# The Opera Most Associated With Snobbery (?)



## Xavier (Jun 7, 2012)

_People often ask me to name my favourite opera. It's not a game I relish, because different masterpieces give me such different pleasures, and there are times when Tristan und Isolde, Boris Godunov, Les Troyens, L'incoronazione di Poppea and Don Carlos (among many others) have all lifted me to the heights of aesthetic experience. But, if you put a gun to my head, I suppose I'd put Debussy's Pelléas et Mélisande first. I love it so much that I never approach it lightly.

[.....]

What is the nature of the spell which has been cast over me? This is an opera which has never been widely popular, and many sophisticates  -- *W H Auden* and *Bernard Levin* notable among them -- have remained immune to its magic. They find it both musically and theatrically torpid: the pace is slow, they complain, the characters are impenetrable, the symbolism seems pretentious, and there's an absence of obvious lyrical highlights or opportunities for vocal display. But such objections are for me a starting point.

[......]

Opera is too often stuck in the art of the crashingly obvious, painting emotions and situations with a broad brush. Pelléas et Melisande, on the other hand, is endlessly subtle and indeterminate._

***************************************

The above is by Rupert Christiansen, chief opera critic of The Daily Telegraph. The whole piece can be read here:

http://www.telegraph.co.uk/culture/music/opera/3664829/The-arts-column.html

I've encountered only 1 person (a personal friend and clarinettist) who agrees with Christiansen. Here are her exact words:

_"Not only is Pelleas et Melisande the opera I cherish the most but for me it is quite worthy to stand with the best of Mozart and Wagner. I also think it is incomparably superior to anything by any Italian opera composer"_

(Needless to say I entirely endorse both of their judgments though I imagine most opera lovers would not go so far)

Anyway do you agree with either Rupert Christiansen or my friend? And if not why not?


----------



## powerbooks (Jun 30, 2012)

Pelléas et Mélisande was written with the intention to be "anti-Tristan und Isolde". The results is pretty impressive, but I won't say it is the opera I chreish the most, or the greatest opera. Tristan is certainly above, and even Les Troyen is grander and "greater" among French operas.


----------



## Couchie (Dec 9, 2010)

It might have been anti-Tristan but it's definitely the child of Parsifal, which Debussy admired.


----------



## brianwalker (Dec 9, 2011)

Auden hated Brahms, so his opinion really doesn't matter.

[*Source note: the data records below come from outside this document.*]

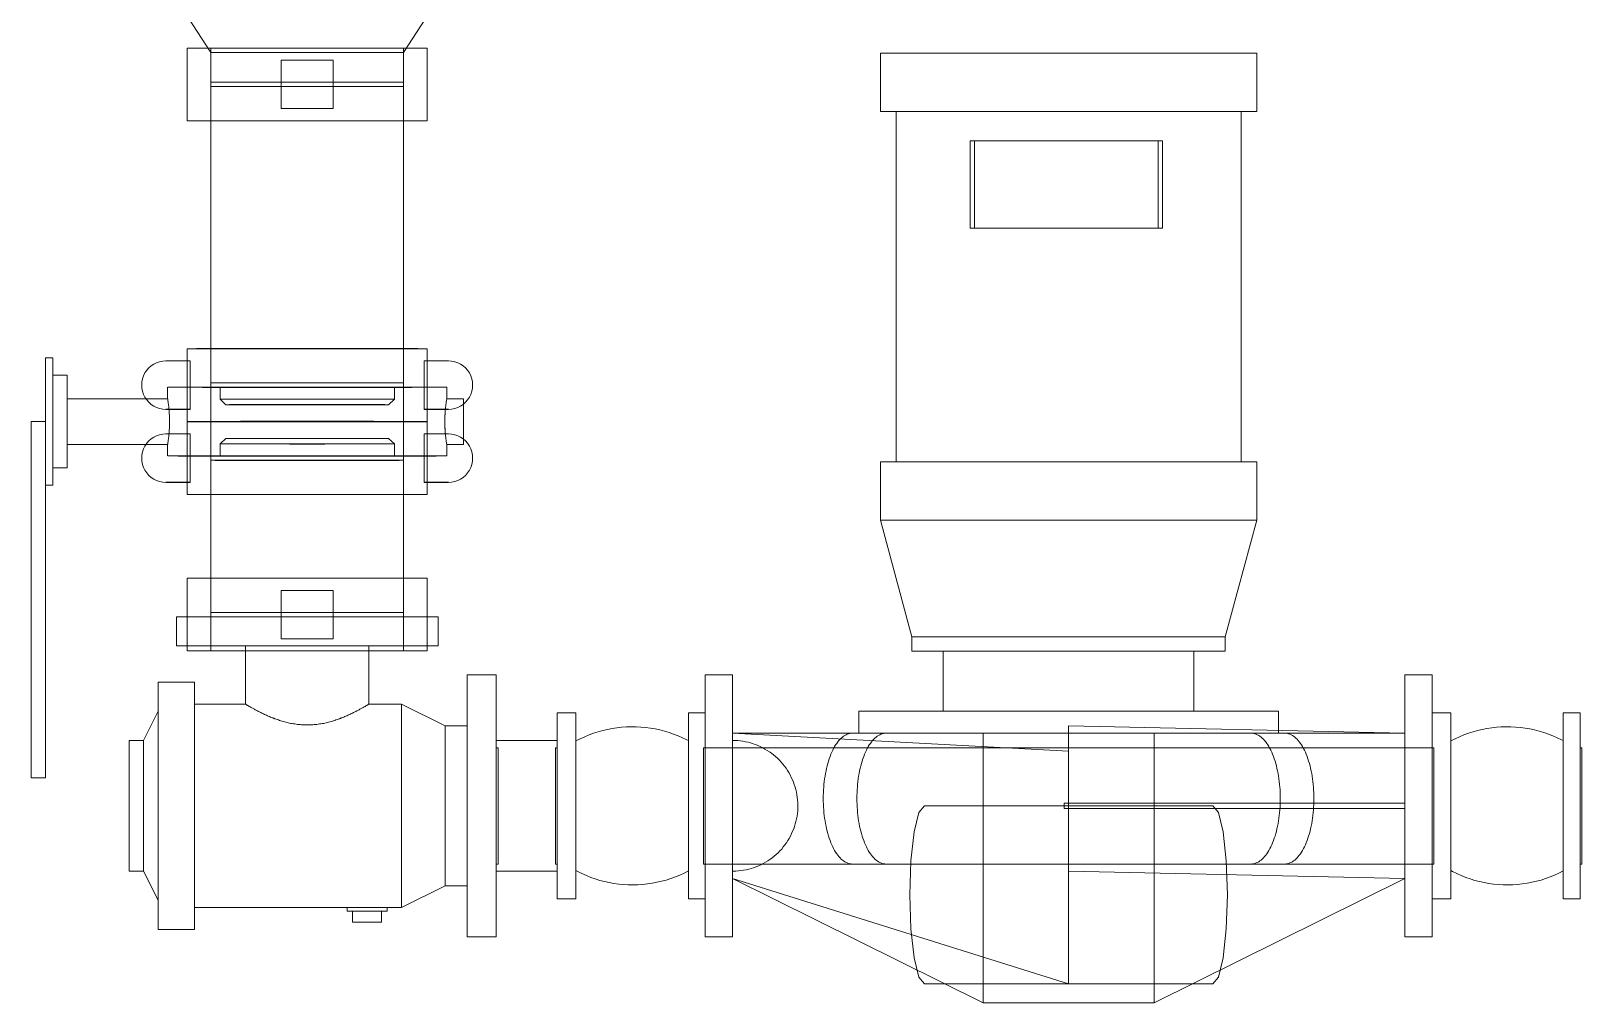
# Model space of a CAD drawing. Header units: metres. Extents: x 63 to 378, y -27 to 78.
# Drawn here: x 158.808 to 160.161, y 35.002 to 35.851 of the extents above; entities that cross this region are included whole.
import ezdxf

# ---------------------------------------------------------------- set-up
doc = ezdxf.new("R2010")
doc.units = ezdxf.units.M
doc.layers.add('M-EQPM', color=7, linetype='Continuous', lineweight=18)
doc.layers.add('P-PIPE', color=7, linetype='Continuous', lineweight=18)

# ---------------------------------------------------------------- blocks, each defined once
blk = doc.blocks.new('C_S_L_ Suction Diffuser - 2_5-8 Inch - Flanged - 6_x4_-2360710-SEC 9')
at = {"layer": 'P-PIPE', "color": 11, "true_color": 0xff8080}
for p, q in [((73.3737, 35.3391), (73.3737, 35.3137)), ((73.6023, 35.3391), (73.3737, 35.3391)), ((73.6023, 35.3391), (73.3737, 35.3391)), ((73.6023, 35.3137), (73.6023, 35.3391)), ((73.3737, 35.3137), (73.6023, 35.3137)), ((73.3737, 35.3137), (73.6023, 35.3137)), ((73.434, 35.3137), (73.434, 35.2629)), ((73.434, 35.3137), (73.5419, 35.3137)), ((73.434, 35.3137), (73.5419, 35.3137)), ((73.5419, 35.2629), (73.5419, 35.3137)), ((73.3737, 35.282), (73.3578, 35.282)), ((73.3578, 35.282), (73.3578, 35.0661)), ((73.3578, 35.282), (73.3578, 35.0661)), ((73.3895, 35.282), (73.3737, 35.282)), ((73.3895, 35.0661), (73.3895, 35.282)), ((73.3895, 35.0661), (73.3895, 35.282)), ((73.6531, 35.2883), (73.6277, 35.2883)), ((73.6277, 35.2883), (73.6277, 35.0597)), ((73.6277, 35.2883), (73.6277, 35.0597)), ((73.6531, 35.0597), (73.6531, 35.2883)), ((73.6531, 35.0597), (73.6531, 35.2883)), ((73.3578, 35.2566), (73.3451, 35.2312)), ((73.3578, 35.2566), (73.3578, 35.174)), ((73.434, 35.2629), (73.3895, 35.2629)), ((73.3895, 35.0851), (73.3895, 35.2629)), ((73.3895, 35.0851), (73.3895, 35.2629)), ((73.5705, 35.2629), (73.5419, 35.2629)), ((73.6086, 35.2439), (73.5705, 35.2629)), ((73.5705, 35.2629), (73.5705, 35.174)), ((73.5705, 35.2629), (73.5705, 35.174)), ((73.6277, 35.2439), (73.6086, 35.2439)), ((73.6086, 35.2439), (73.6086, 35.174)), ((73.6086, 35.2439), (73.6086, 35.174)), ((73.6277, 35.2439), (73.6277, 35.1042)), ((73.6277, 35.2439), (73.6277, 35.1042)), ((73.3451, 35.2312), (73.3324, 35.2312)), ((73.3324, 35.2312), (73.3324, 35.1169)), ((73.3324, 35.2312), (73.3324, 35.1169)), ((73.3451, 35.2312), (73.3451, 35.174)), ((73.3451, 35.2312), (73.3451, 35.174)), ((73.3451, 35.174), (73.3451, 35.1169)), ((73.3451, 35.174), (73.3451, 35.1169)), ((73.3578, 35.174), (73.3578, 35.0915)), ((73.5705, 35.174), (73.5705, 35.0851)), ((73.5705, 35.174), (73.5705, 35.0851)), ((73.6086, 35.174), (73.6086, 35.1042)), ((73.6086, 35.174), (73.6086, 35.1042)), ((73.3324, 35.1169), (73.3451, 35.1169)), ((73.3451, 35.1169), (73.3578, 35.0915)), ((73.5705, 35.0851), (73.6086, 35.1042)), ((73.6086, 35.1042), (73.6277, 35.1042)), ((73.3895, 35.0851), (73.5705, 35.0851)), ((73.5229, 35.0851), (73.5229, 35.082)), ((73.5578, 35.0851), (73.5229, 35.0851)), ((73.5578, 35.0851), (73.5229, 35.0851)), ((73.5229, 35.082), (73.5578, 35.082)), ((73.5229, 35.082), (73.5578, 35.082)), ((73.5276, 35.082), (73.5276, 35.0724)), ((73.553, 35.082), (73.5276, 35.082)), ((73.553, 35.082), (73.5276, 35.082)), ((73.553, 35.0724), (73.553, 35.082)), ((73.5578, 35.082), (73.5578, 35.0851)), ((73.3578, 35.0661), (73.3737, 35.0661)), ((73.3737, 35.0661), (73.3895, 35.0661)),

I also think it is incomparably superior to anything by any Italian opera composer"

Pelleas is _*incomparably*_ superior to Turandot?

I know they say that you shouldn't hit girls but .......


----------



## Xavier (Jun 7, 2012)

Couchie said:


> It might have been anti-Tristan but it's definitely the child of Parsifal, which Debussy admired.


Indeed Parsifal was the "sourcebook" for the musical style and idiom(s) of Pelleas.


----------



## moody (Nov 5, 2011)

I'll tell you what, you stick to Pelleas and I'll take Italian opera anytime.....I don't really want indederminate.


----------



## Xavier (Jun 7, 2012)

moody said:


> I'll tell you what, you stick to Pelleas and I'll take Italian opera anytime.....I don't really want indederminate.


But don't you also love unique delicate beauty, refinement and immense sophistication?


----------



## moody (Nov 5, 2011)

Xavier said:


> But don't you also love unique delicate beauty, refinement and immense sophistication?


Yes, but the point made that Pelleas is superior to Italian opera was somewhat blunt, was it not? Your friend's statement was sweeping and, I think, unwise.


----------



## Sid James (Feb 7, 2009)

It depends on personal taste basically. 

But I think Berg's 'Wozzeck' is just the greatest (for me!) as it brings a lot of these directions (or similar directions) together. You got the more natural speech based aspect of Debussy, but of course laced with an in your face no holds barred & more gritty aesthetic, you maybe got aspects of Puccini's verismo (& Puccini was apparently influenced by 'Wozzeck' when composing 'Turandot,' he wrote to Berg telling him of this), and of course the German tradition, Wagner's leitmotif system embedded in it. And then some, I could go on.

But everyone can think or value what they want. I don't care. Ultimately it boils down to taste, gut feeling and maybe other things like ideology (ugh?!)...


----------



## Chi_townPhilly (Apr 21, 2007)

*Am I missing something?*

squints:, :blinks:, puts on cool [] corrective lenses, :blinks:, looks again...)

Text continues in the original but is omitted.